Records contained in a dataset

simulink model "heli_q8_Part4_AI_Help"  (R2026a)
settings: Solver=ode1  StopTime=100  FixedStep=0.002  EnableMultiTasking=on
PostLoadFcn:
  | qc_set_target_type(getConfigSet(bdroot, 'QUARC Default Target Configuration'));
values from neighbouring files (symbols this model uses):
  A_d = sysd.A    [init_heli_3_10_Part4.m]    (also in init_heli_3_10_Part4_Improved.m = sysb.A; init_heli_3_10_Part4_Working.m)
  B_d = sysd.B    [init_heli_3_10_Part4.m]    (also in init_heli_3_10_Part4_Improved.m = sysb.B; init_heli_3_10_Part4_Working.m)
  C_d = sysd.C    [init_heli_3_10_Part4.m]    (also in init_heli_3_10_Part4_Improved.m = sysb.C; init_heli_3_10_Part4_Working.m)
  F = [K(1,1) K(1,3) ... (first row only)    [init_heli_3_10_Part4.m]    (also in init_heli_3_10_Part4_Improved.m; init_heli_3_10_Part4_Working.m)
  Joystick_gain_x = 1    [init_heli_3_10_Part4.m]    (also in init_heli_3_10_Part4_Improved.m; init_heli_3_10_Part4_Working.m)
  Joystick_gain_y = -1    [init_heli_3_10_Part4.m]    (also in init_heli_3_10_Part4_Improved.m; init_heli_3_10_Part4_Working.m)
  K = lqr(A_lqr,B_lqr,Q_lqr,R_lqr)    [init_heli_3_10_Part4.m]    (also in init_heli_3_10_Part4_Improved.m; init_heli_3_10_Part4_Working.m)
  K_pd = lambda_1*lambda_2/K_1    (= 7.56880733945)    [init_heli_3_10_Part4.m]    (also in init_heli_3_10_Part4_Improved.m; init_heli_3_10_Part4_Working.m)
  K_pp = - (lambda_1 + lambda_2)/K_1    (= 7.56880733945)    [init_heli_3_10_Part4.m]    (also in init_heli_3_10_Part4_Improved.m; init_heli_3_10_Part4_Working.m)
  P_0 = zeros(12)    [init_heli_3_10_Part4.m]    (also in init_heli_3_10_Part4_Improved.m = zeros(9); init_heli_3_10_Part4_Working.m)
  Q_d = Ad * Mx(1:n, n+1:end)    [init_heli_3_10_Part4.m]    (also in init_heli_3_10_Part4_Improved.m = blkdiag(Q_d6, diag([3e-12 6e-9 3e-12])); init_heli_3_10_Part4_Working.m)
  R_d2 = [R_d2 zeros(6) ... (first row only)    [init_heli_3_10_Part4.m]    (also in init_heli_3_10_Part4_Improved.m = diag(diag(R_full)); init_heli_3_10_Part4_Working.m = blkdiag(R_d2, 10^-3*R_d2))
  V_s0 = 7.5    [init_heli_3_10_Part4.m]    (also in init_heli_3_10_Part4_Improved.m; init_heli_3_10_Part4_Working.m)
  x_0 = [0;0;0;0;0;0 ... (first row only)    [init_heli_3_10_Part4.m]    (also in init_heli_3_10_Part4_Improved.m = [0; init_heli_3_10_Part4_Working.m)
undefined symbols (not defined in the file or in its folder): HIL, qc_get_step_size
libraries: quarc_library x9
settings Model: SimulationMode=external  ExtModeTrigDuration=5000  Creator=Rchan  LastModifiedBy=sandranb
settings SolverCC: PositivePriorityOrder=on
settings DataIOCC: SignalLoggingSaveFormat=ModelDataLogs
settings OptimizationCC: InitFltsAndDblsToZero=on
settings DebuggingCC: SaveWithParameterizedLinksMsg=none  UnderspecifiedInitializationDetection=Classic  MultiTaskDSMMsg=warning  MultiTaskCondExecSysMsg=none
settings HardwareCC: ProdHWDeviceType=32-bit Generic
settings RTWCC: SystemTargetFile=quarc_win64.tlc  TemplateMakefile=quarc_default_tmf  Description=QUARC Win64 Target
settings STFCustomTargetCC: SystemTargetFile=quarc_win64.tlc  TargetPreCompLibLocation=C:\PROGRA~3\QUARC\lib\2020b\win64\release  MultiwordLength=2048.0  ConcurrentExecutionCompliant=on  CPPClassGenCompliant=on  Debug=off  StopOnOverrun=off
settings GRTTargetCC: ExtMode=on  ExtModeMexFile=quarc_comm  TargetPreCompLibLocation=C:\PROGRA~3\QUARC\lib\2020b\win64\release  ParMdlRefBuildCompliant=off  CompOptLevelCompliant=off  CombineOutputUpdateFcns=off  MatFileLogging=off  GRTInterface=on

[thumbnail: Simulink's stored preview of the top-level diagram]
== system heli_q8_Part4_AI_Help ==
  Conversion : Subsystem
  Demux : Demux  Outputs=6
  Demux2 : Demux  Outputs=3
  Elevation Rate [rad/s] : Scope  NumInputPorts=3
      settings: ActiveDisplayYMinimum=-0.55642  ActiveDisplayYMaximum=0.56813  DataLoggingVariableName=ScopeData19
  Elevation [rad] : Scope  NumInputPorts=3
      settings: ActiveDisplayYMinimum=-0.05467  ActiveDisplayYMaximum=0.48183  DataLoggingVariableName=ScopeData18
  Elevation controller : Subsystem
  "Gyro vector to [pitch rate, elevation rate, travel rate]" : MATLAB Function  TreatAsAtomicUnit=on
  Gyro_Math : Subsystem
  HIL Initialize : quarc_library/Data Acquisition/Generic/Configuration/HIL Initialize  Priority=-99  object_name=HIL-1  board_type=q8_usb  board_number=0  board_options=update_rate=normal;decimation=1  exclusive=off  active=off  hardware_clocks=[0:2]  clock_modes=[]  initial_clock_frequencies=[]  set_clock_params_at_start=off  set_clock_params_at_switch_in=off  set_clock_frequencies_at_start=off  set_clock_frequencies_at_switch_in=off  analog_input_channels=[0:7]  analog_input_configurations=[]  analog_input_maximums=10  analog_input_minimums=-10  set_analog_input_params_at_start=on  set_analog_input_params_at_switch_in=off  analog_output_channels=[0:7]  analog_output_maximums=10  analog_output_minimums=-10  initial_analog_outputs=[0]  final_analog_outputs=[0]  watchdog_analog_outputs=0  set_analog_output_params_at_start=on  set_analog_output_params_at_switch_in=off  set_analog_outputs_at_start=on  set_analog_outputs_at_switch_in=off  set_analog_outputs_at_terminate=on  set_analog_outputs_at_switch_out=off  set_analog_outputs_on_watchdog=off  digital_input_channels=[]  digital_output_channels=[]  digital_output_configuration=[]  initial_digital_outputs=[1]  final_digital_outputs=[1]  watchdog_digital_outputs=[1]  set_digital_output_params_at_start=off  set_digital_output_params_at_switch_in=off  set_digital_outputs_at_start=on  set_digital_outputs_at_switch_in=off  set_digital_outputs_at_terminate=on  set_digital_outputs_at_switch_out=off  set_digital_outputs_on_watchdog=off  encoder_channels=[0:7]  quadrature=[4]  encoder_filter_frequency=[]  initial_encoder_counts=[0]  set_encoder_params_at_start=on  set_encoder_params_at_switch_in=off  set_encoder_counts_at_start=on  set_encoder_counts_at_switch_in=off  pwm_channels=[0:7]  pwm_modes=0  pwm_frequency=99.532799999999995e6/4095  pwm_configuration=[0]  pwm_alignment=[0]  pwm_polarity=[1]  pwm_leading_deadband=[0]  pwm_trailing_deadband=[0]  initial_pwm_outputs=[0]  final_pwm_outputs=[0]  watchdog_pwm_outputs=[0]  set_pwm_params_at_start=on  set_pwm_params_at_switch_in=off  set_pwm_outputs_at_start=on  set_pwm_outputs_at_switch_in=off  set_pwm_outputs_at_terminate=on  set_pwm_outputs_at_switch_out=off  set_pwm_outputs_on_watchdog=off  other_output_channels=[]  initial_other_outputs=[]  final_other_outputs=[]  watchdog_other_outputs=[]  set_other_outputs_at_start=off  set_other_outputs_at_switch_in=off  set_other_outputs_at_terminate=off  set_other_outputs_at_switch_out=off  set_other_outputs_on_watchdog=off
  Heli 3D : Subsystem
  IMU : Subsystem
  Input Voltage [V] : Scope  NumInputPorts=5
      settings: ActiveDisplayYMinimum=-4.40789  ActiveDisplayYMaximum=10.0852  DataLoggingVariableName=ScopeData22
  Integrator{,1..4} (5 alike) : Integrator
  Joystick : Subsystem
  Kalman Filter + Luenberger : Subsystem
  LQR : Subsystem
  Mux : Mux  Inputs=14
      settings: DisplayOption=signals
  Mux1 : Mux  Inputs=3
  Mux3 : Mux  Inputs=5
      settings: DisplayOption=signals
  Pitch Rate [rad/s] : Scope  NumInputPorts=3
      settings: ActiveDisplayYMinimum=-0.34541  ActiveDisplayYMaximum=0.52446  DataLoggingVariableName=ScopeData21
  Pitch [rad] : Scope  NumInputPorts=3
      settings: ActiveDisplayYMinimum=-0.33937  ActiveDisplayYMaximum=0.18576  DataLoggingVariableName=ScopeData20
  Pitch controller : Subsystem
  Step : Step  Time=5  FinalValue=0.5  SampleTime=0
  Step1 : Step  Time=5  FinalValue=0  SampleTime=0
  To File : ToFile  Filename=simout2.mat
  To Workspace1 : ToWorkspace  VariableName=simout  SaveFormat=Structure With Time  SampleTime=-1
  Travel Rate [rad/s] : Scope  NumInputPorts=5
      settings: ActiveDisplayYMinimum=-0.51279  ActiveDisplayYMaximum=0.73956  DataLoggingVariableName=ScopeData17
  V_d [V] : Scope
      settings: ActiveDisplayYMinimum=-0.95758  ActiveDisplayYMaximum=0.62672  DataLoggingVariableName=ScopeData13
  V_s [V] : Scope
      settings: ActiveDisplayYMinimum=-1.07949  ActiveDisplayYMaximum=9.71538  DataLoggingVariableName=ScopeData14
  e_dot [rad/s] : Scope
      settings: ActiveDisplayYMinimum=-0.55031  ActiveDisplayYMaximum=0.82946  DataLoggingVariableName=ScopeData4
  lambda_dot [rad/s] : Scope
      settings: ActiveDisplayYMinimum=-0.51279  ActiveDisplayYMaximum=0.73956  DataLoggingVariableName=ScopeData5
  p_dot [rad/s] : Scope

Problem requirements
All lines above from the line with "settings HardwareCC: ProdHWDeviceType=32-bit" through the line with "settings RTWCC: SystemTargetFile=quarc_win64.tlc", both included, are to be set down exactly, with nothing else.

Task output
settings HardwareCC: ProdHWDeviceType=32-bit Generic
settings RTWCC: SystemTargetFile=quarc_win64.tlc  TemplateMakefile=quarc_default_tmf  Description=QUARC Win64 Target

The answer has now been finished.